Note that this line asks for comparisons of the three levels of behavior for each gender separately. You can also ask for comparisons of the two levels of gender for each behavior separately by specifying COMPARE(Gender) instead.

Inspect the table Pairwise Comparisons. The three experimental conditions are compared in a pairwise manner, split over the factor Gender.

For which pair of groups do the means differ significantly from one another (at the 5% level)?

Look at the note under the table. True or false: the p-values in this table are adjusted for multiple comparisons.

Why do we need to apply a correction like the Bonferroni correction?

When doing multiple tests on one sample, like doing these pairwise comparisons, the level of risk of a Type I error increases. To correct for this, we should use an adjusted alpha-level, such as the Bonferroni correction.

Although it is possible to ask for SPSS to adjust the p-values in the table, I have expressly not instructed you to do so. The reason for this is that, strictly speaking, Bonferroni is an adjustment of the significance level \(\alpha\) - not of the p-values. Moreover, sometimes you conduct many more tests in a study aside from the pairwise comparisons performed here. In that case, you might want to include those in your Bonferroni correction too, and SPSS does not know about their existence when it applies a Bonferroni correction to the p-values.

In other words: It is better to set the alpha level yourself, and apply it consistently across all tests in a study.

17.3.4 Simple Effects test

The significant interaction effect tells us that the effect of behavior differs by gender, or conversely, that gender differences vary across the three behavoirs.

Simple effects analysis allows us to test the significance of these marginal effects.

Simply put: They give us an overall test of the mean differences across levels of one factor, within each level of a different factor.

Consult the table Univariate Tests (still for the contrast /EMMEANS=TABLES(Behavior*Gender) COMPARE(Behavior) ADJ(LSD)). This table displays the results of the simple effects tests.

Does the Behavior of waiters have an influence on the amount of tip money people give?

What is the appropriate p-value?

Report the simple effect test for waiters and interpret the finding, then check your answer.

There is no significant difference among the three behaviors within waiters. Hence, for waiters we don’t have evidence that the behavior has an effect on average tips received, F(2,52) = 0.591, p = .557.

Again, consult the table Univariate Tests. This table gives the results of the simple effects tests.

What p-value do we see here?

True or false: the type of behavior of waitresses has an influence on the tip people give.

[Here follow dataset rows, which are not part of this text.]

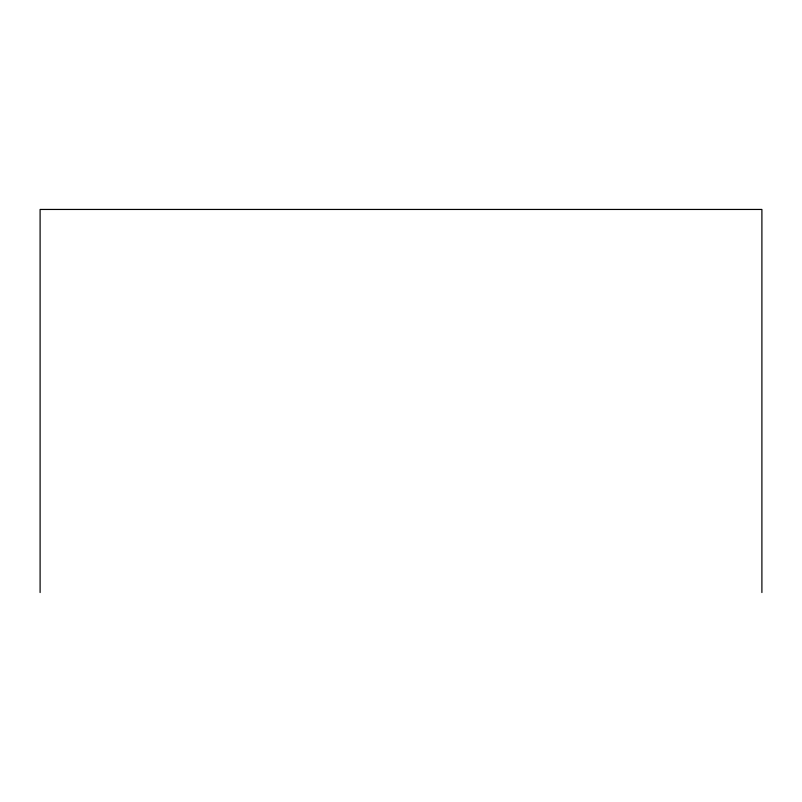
<?xml version="1.0" encoding="UTF-8"?>
<svg xmlns="http://www.w3.org/2000/svg" width="802" height="802" viewBox="0 0 802 802"><rect width="100%" height="100%" fill="white"/><g stroke="black" fill="none" stroke-linecap="round" stroke-linejoin="round"><path stroke-width="1.2" d="M761.9 592.548L761.9 209.452L40.1 209.452L40.1 592.548"/></g></svg>
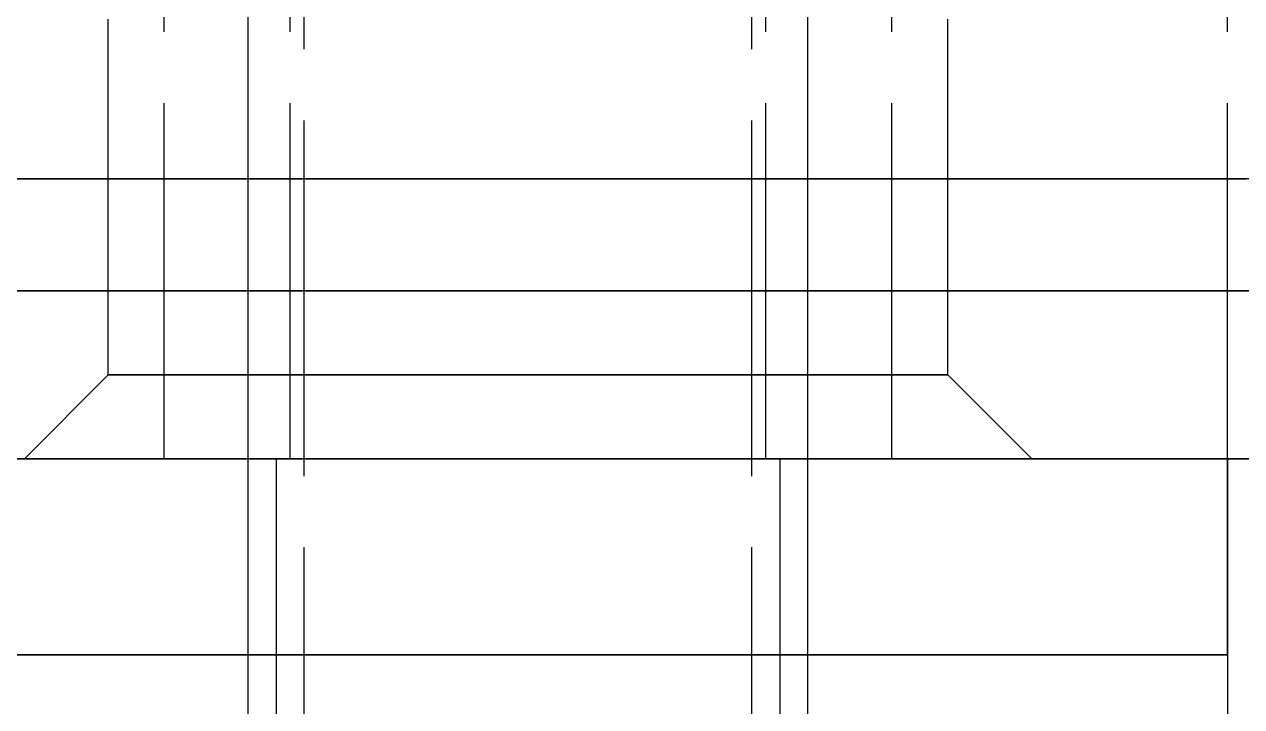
# Model space of a CAD drawing. Header units: millimetres. Extents: x -29 to 134, y -50 to 53.
# Drawn here: x 56.2 to 60.55, y -0.886 to 1.551 of the extents above; entities that cross this region are included whole.
import ezdxf

# ---------------------------------------------------------------- set-up
doc = ezdxf.new("R2010")
doc.units = ezdxf.units.MM
doc.linetypes.add('DASHED', pattern=[1.524, 1.27, -0.254])
doc.layers.add('HIDDEN', color=8, linetype='DASHED')
doc.layers.add('VISIBLE', color=7, linetype='CONTINUOUS')

msp = doc.modelspace()

# ---------------------------------------------------------------- linework, layer by layer
at = {"layer": 'HIDDEN'}
for points in [[(56.5, 0.3), (56.5, 4)], [(56.7, 0), (56.7, 4)], [(57, -3.11), (57, 4)], [(57.15, 0), (57.15, 4)], [(57.2, -3.11), (57.2, 4)], [(58.8, -3.11), (58.8, 4)], [(58.85, 0), (58.85, 4)], [(59, -3.11), (59, 4)], [(59.3, 0), (59.3, 4)], [(59.5, 0.3), (59.5, 4)], [(60.5, 0), (60.5, 4)], [(57, -0.7), (57, 1.6)], [(59, -0.7), (59, 1.6)], [(60.64286, 1), (60.5, 1), (60.35714, 1), (60.21429, 1), (60.07143, 1), (59.92857, 1), (59.78571, 1), (59.64286, 1), (59.5, 1), (59.35714, 1), (59.21429, 1), (59.07143, 1), (58.92857, 1), (58.78571, 1), (58.64286, 1), (58.5, 1), (58.35714, 1), (58.21429, 1), (58.07143, 1), (57.92857, 1), (57.78571, 1), (57.64286, 1), (57.5, 1), (57.35714, 1), (57.21429, 1), (57.07143, 1), (56.92857, 1), (56.78571, 1), (56.64286, 1), (56.5, 1), (56.35714, 1), (56.21429, 1), (56.07143, 1)], [(56.1119, 1), (56.20873, 1), (56.30556, 1), (56.40238, 1), (56.49921, 1), (56.59603, 1), (56.69286, 1), (56.78968, 1), (56.88651, 1), (56.98333, 1), (57.08016, 1), (57.17698, 1), (57.27381, 1), (57.37063, 1), (57.46746, 1), (57.56429, 1), (57.66111, 1), (57.75794, 1), (57.85476, 1), (57.95159, 1), (58.04841, 1), (58.14524, 1), (58.24206, 1), (58.33889, 1), (58.43571, 1), (58.53254, 1), (58.62937, 1), (58.72619, 1), (58.82302, 1), (58.91984, 1), (59.01667, 1), (59.11349, 1), (59.21032, 1), (59.30714, 1), (59.40397, 1), (59.50079, 1), (59.59762, 1), (59.69444, 1), (59.79127, 1), (59.8881, 1), (59.98492, 1), (60.08175, 1), (60.17857, 1), (60.2754, 1), (60.37222, 1), (60.46905, 1), (60.56587, 1)], [(60.56587, 1), (60.46905, 1), (60.37222, 1), (60.2754, 1), (60.17857, 1), (60.08175, 1), (59.98492, 1), (59.8881, 1), (59.79127, 1), (59.69444, 1), (59.59762, 1), (59.50079, 1), (59.40397, 1), (59.30714, 1), (59.21032, 1), (59.11349, 1), (59.01667, 1), (58.91984, 1), (58.82302, 1), (58.72619, 1), (58.62937, 1), (58.53254, 1), (58.43571, 1), (58.33889, 1), (58.24206, 1), (58.14524, 1), (58.04841, 1), (57.95159, 1), (57.85476, 1), (57.75794, 1), (57.66111, 1), (57.56429, 1), (57.46746, 1), (57.37063, 1), (57.27381, 1), (57.17698, 1), (57.08016, 1), (56.98333, 1), (56.88651, 1), (56.78968, 1), (56.69286, 1), (56.59603, 1), (56.49921, 1), (56.40238, 1), (56.30556, 1), (56.20873, 1), (56.1119, 1)], [(56.13492, 1), (56.21429, 1), (56.29365, 1), (56.37302, 1), (56.45238, 1), (56.53175, 1), (56.61111, 1), (56.69048, 1), (56.76984, 1), (56.84921, 1), (56.92857, 1), (57.00794, 1), (57.0873, 1), (57.16667, 1), (57.24603, 1), (57.3254, 1), (57.40476, 1), (57.48413, 1), (57.56349, 1), (57.64286, 1), (57.72222, 1), (57.80159, 1), (57.88095, 1), (57.96032, 1), (58.03968, 1), (58.11905, 1), (58.19841, 1), (58.27778, 1), (58.35714, 1), (58.43651, 1), (58.51587, 1), (58.59524, 1), (58.6746, 1), (58.75397, 1), (58.83333, 1), (58.9127, 1), (58.99206, 1), (59.07143, 1), (59.15079, 1), (59.23016, 1), (59.30952, 1), (59.38889, 1), (59.46825, 1), (59.54762, 1), (59.62698, 1), (59.70635, 1), (59.78571, 1), (59.86508, 1), (59.94444, 1), (60.02381, 1), (60.10317, 1), (60.18254, 1), (60.2619, 1), (60.34127, 1), (60.42063, 1), (60.5, 1)], [(60.5, 1), (60.42063, 1), (60.34127, 1), (60.2619, 1), (60.18254, 1), (60.10317, 1), (60.02381, 1), (59.94444, 1), (59.86508, 1), (59.78571, 1), (59.70635, 1), (59.62698, 1), (59.54762, 1), (59.46825, 1), (59.38889, 1), (59.30952, 1), (59.23016, 1), (59.15079, 1), (59.07143, 1), (58.99206, 1), (58.9127, 1), (58.83333, 1), (58.75397, 1), (58.6746, 1), (58.59524, 1), (58.51587, 1), (58.43651, 1), (58.35714, 1), (58.27778, 1), (58.19841, 1), (58.11905, 1), (58.03968, 1), (57.96032, 1), (57.88095, 1), (57.80159, 1), (57.72222, 1), (57.64286, 1), (57.56349, 1), (57.48413, 1), (57.40476, 1), (57.3254, 1), (57.24603, 1), (57.16667, 1), (57.0873, 1), (57.00794, 1), (56.92857, 1), (56.84921, 1), (56.76984, 1), (56.69048, 1), (56.61111, 1), (56.53175, 1), (56.45238, 1), (56.37302, 1), (56.29365, 1), (56.21429, 1), (56.13492, 1)], [(56.13492, 1), (56.21429, 1), (56.29365, 1), (56.37302, 1), (56.45238, 1), (56.53175, 1), (56.61111, 1), (56.69048, 1), (56.76984, 1), (56.84921, 1), (56.92857, 1), (57.00794, 1), (57.0873, 1), (57.16667, 1), (57.24603, 1), (57.3254, 1), (57.40476, 1), (57.48413, 1), (57.56349, 1), (57.64286, 1), (57.72222, 1), (57.80159, 1), (57.88095, 1), (57.96032, 1), (58.03968, 1), (58.11905, 1), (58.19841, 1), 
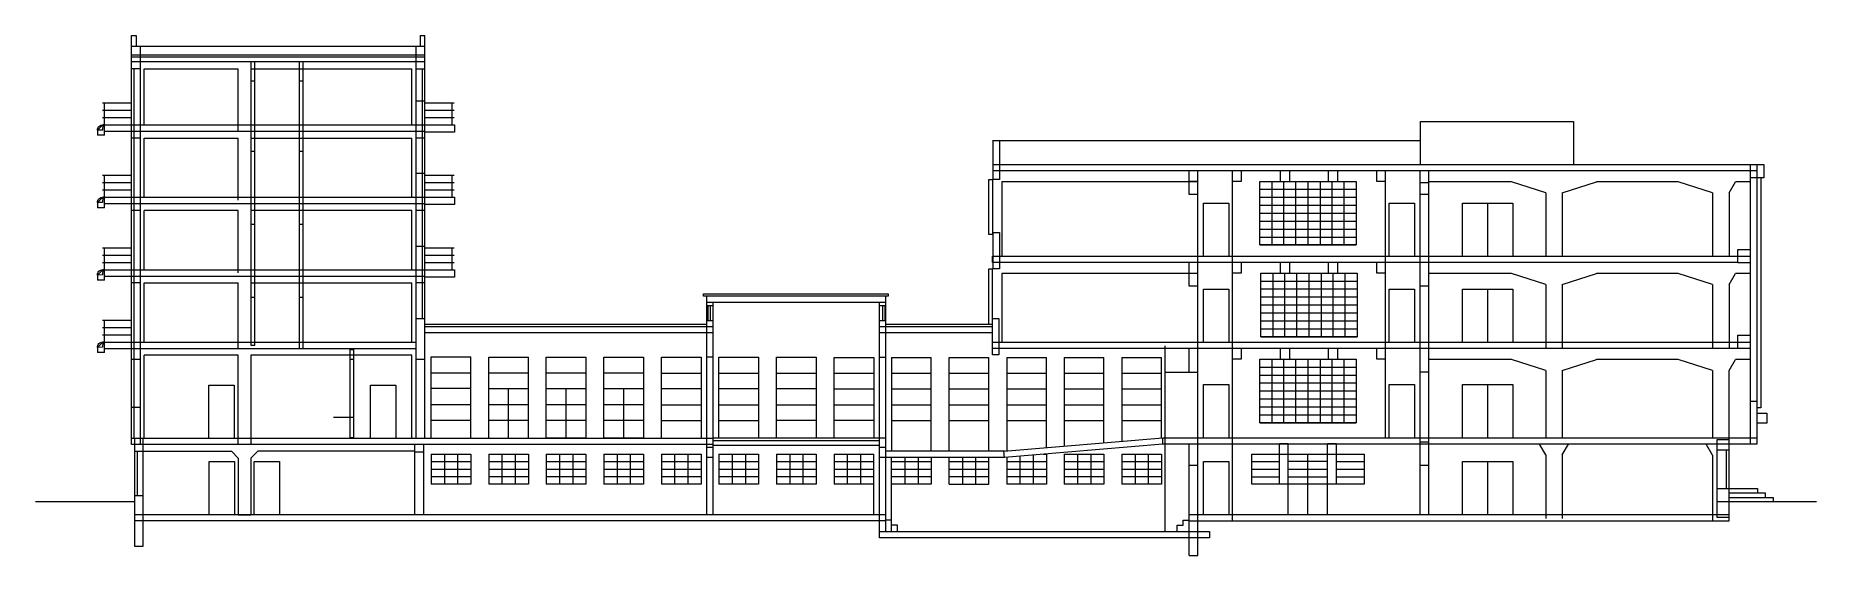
# Model space of a CAD drawing. Header units: millimetres. Extents: x 0 to 70455, y -2112 to 18430.
import ezdxf

# ---------------------------------------------------------------- set-up
doc = ezdxf.new("R2010")
doc.units = ezdxf.units.MM
doc.layers.add('ceco.net 389 Bauhaus', color=7, linetype='Continuous')

msp = doc.modelspace()

# ---------------------------------------------------------------- linework, layer by layer
at = {"layer": 'ceco.net 389 Bauhaus', "linetype": 'Continuous', "lineweight": 5}
for p, q in [((4150, 2269.899), (4150, 18010)), ((15050, 2519.899), (15050, 18010)), ((15400, 17390), (3800, 17390)), ((4150, 17123.16), (3800, 17123.16)), ((4290, 17123.16), (8020, 17123.16)), ((4290, 14899.899), (4290, 17123.16)), ((8020, 14649.899), (8020, 17123.16)), ((10440, 6064.899), (10440, 17390)), ((14890, 14899.899), (14890, 17123.16)), ((2645, 15770), (3800, 15770)), ((16470, 15770), (16470, 14900)), ((2645, 15480), (3800, 15480)), ((2645, 15190), (3800, 15190)), ((2660.207, 14899.232), (3800, 14900)), ((2730, 14900), (3800, 14900)), ((15400, 15480), (16555, 15480)), ((15400, 15190), (16555, 15190)), ((15400, 14900), (16577.5, 14900)), ((54790, 13339.899), (54790, 15030)), ((54790, 15030), (60840, 15030)), ((60840, 15030), (60840, 13339.899)), ((2445.859, 14692.405), (2445, 14490)), ((2730, 14490), (2445, 14490)), ((4290, 14383.059), (8020, 14383.059)), ((4290, 12039.899), (4290, 14383.059)), ((8020, 11930), (8020, 14383.059)), ((8520, 14383.059), (14890, 14383.059)), ((14890, 12039.899), (14890, 14383.059)), ((15400, 14383.059), (15050, 14383.059)), ((37860.615, 14290), (54790, 14290)), ((2645, 12910), (3800, 12910)), ((16470, 12910), (16470, 12040)), ((68117.576, 13089.899), (37880.615, 13089.899)), ((45985, -2112.226), (45985, 13089.899)), ((47351.774, -749.774), (47351.774, 13089.899)), ((49255, 12669.899), (49255, 13089.899)), ((51158.226, 12669.899), (51158.226, 13089.899)), ((53411.452, 2534.949), (53411.452, 13089.899)), ((2645, 12620), (3800, 12620)), ((2645, 12330), (3800, 12330)), ((2660.207, 12039.232), (3800, 12040)), ((2730, 12040), (3800, 12040)), ((15400, 12620), (16555, 12620)), ((15400, 12330), (16555, 12330)), ((15400, 12040), (16577.5, 12040)), ((45985, 12650), (38230.615, 12650)), ((38230.615, 12650), (38230.615, 9714.899)), ((48438.387, 10155), (48438.387, 12669.899)), ((50341.613, 10155), (50341.613, 12669.899)), ((51769.033, 10155), (51769.033, 12669.899)), ((58390, 12650), (55128.226, 12650)), ((59750, 12220), (58390, 12650)), ((59750, 12220), (59750, 9714.899)), ((60400, 12220), (61760, 12650)), ((60400, 12220), (60400, 9714.899)), ((64990, 12650), (61760, 12650)), ((66350, 12220), (64990, 12650)), ((66350, 12220), (66350, 9714.899)), ((67000, 12220), (67248.261, 12650)), ((67000, 12220), (67000, 9714.899)), ((67847.576, 12650), (67248.261, 12650)), ((2445.859, 11832.405), (2445, 11630)), ((2730, 11630), (2445, 11630)), ((8020, 11523.059), (4290, 11523.059)), ((4290, 9174.899), (4290, 11523.059)), ((8020, 9050), (8020, 11523.059)), ((14890, 11523.059), (8520, 11523.059)), ((14890, 9174.899), (14890, 11523.059)), ((15400, 11523.059), (15050, 11523.059)), ((48438.387, 11726.813), (52244.839, 11726.813)), ((57450, 9714.899), (57450, 11814.899)), ((48438.387, 11098.088), (52244.839, 11098.088)), ((2645, 10045), (3800, 10045)), ((16470, 10045), (16470, 9175)), ((48438.387, 10469.364), (52244.839, 10469.364)), ((52244.839, 10155), (48438.387, 10155)), ((2645, 9755), (3800, 9755)), ((2645, 9465), (3800, 9465)), ((2660.207, 9174.232), (3800, 9175)), ((2730, 9175), (3800, 9175)), ((15400, 9755), (16555, 9755)), ((15400, 9465), (16555, 9465)), ((15400, 9175), (16577.5, 9175)), ((49255, 9044.899), (49255, 9464.899)), ((51158.226, 9044.899), (51158.226, 9464.899)), ((2445.859, 8967.405), (2445, 8765)), ((2730, 8765), (2445, 8765)), ((4290, 8658.059), (8020, 8658.059)), ((4290, 6314.899), (4290, 8658.059)), ((8020, 6064.899), (8020, 8658.059)), ((8520, 8658.059), (14890, 8658.059)), ((14890, 6314.899), (14890, 8658.059)), ((15400, 8658.059), (15050, 8658.059)), ((38230.615, 9025), (38230.615, 6314.899)), ((45985, 9025), (38230.615, 9025)), ((48478.387, 6530), (48478.387, 9044.899)), ((50381.613, 6530), (50381.613, 9044.899)), ((51809.033, 6530), (51809.033, 9044.899)), ((58390, 9025), (55128.226, 9025)), ((59750, 8595), (58390, 9025)), ((59750, 8595), (59750, 6089.899)), ((60400, 8595), (61760, 9025)), ((60400, 8595), (60400, 6089.899)), ((64990, 9025), (61760, 9025)), ((66350, 8595), (64990, 9025)), ((66350, 8595), (66350, 6089.899)), ((67000, 8595), (67248.261, 9025)), ((67000, 8595), (67000, 6089.899)), ((67847.576, 9025), (67248.261, 9025)), ((26557.5, -499.774), (26557.5, 8130)), ((26602.5, 7160), (26602.5, 7770)), ((33514.126, 7160), (33514.126, 7770)), ((48478.387, 8101.813), (52284.839, 8101.813)), ((57450, 6314.899), (57450, 8414.899)), ((2645, 7185), (3800, 7185)), ((26807.5, 7160), (26557.5, 7160)), ((33639.126, 7160), (33389.126, 7160)), ((48478.387, 7473.088), (52284.839, 7473.088)), ((2645, 6895), (3800, 6895)), ((2645, 6605), (3800, 6605)), ((15400, 7030), (26557.5, 7030)), ((26807.5, 6680), (15400, 6680)), ((37860.615, 6680), (33389.126, 6680)), ((33639.126, 7030), (37860.615, 7030)), ((48478.387, 6844.364), (52284.839, 6844.364)), ((52284.839, 6530), (48478.387, 6530)), ((2445.859, 6107.405), (2445, 5905)), ((2730, 5905), (2445, 5905)), ((2660.207, 6314.232), (3800, 6315)), ((2730, 6315), (3800, 6315)), ((8020, 5798.059), (4290, 5798.059)), ((4290, 2519.899), (4290, 5798.059)), ((8020, 2269.899), (8020, 5798.059)), ((14890, 5798.059), (8520, 5798.059)), ((8520, 5798.059), (8520, 2269.899)), ((14890, 2519.899), (14890, 5798.059)), ((26807.5, 5718.376), (26557.5, 5718.376)), ((27036.041, 2534.949), (27036.041, 5718.376)), ((29313.248, 2534.949), (29313.248, 5718.376)), ((31590.457, 2534.949), (31590.457, 5712.564)), ((36144.873, 2015.05), (36144.873, 5712.564)), ((67847.576, 6064.899), (37860.615, 6064.899)), ((44690, -1170), (44690, 6170)), ((48438.387, 3130), (48438.387, 5644.899)), ((49255, 5644.899), (49255, 6064.899)), ((50341.613, 3130), (50341.613, 5644.899)), ((51158.226, 5644.899), (51158.226, 6064.899)), ((51769.033, 3130), (51769.033, 5644.899)), ((44690, 5130), (45985, 5130)), ((58390, 5625), (55128.226, 5625)), ((59750, 5195), (58390, 5625)), ((59750, 5195), (59750, 2534.949)), ((60400, 5195), (61760, 5625)), ((60400, 5195), (60400, 2534.949)), ((64990, 5625), (61760, 5625)), ((66350, 5195), (64990, 5625)), ((66350, 5195), (66350, 2534.949)), ((67000, 5195), (67248.261, 5625)), ((67847.576, 5625), (67248.261, 5625)), ((17220.127, 4480), (15650, 4480)), ((19497.335, 4474.188), (17927.208, 4474.188)), ((18712.272, 2519.899), (18712.272, 4474.188)), ((21774.543, 4474.188), (20204.415, 4474.188)), ((20989.479, 2514.087), (20989.479, 4474.188)), ((24051.752, 4474.188), (22481.624, 4474.188)), ((23266.688, 2514.087), (23266.688, 4474.188)), ((26328.959, 4468.376), (24758.833, 4468.376)), ((28606.167, 4468.376), (27036.041, 4468.376)), ((30883.376, 4468.376), (29313.248, 4468.376)), ((33160.585, 4462.564), (31590.457, 4462.564)), ((35437.792, 4462.564), (33867.665, 4462.564)), ((37715, 4462.564), (36144.873, 4462.564)), ((39992.208, 4462.564), (38422.081, 4462.564)), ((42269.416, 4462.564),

Does it make sense to adjust your behavior as a waiter/waitress if you want to increase your tip?

Report your results, then check the answer.

We do see a significant effect of behavior on average tip money for waitresses, F(2,52) = 46.385, p < .001. Hence, we have convincing evidence that the type of behavior by waitresses affects the average amount of tips. Results suggest that in order to have high tips, waitresses best can make small talk.

17.4 Optional: do it yourself!

Open the datafile hiking.sav. The data file also contains data on weather.

Examine the effect of weather and behavior and their potential interaction, with feelings as the dependent variable.

What is the explained variance of the main effects and interaction effects together?

True or false: the explained variance of the whole model is significant.

True or false: the interaction effect is significant.

Request a plot from SPSS that allows you to describe what the effects look like.

Describe the trends in your own words, then check your answer.

The lines in the plot are not parallel, also pointing to an interaction effect.

Perform a simple effects analysis of the effect of behavior by weather.

Report your findings and conclusion, then check your answer.

We see a significant effect of behavior when the weather was good, F(4,90) = 3.864, p = .006, while the effect of behavior is not significant when the weather was bad, F(4,90) = 1.320, p = .269.

Results suggest that when the weather is good, joking and singing significantly improves the participants’ feelings about the guide.

When the weather is bad, the behavior of the guide does not have much influence.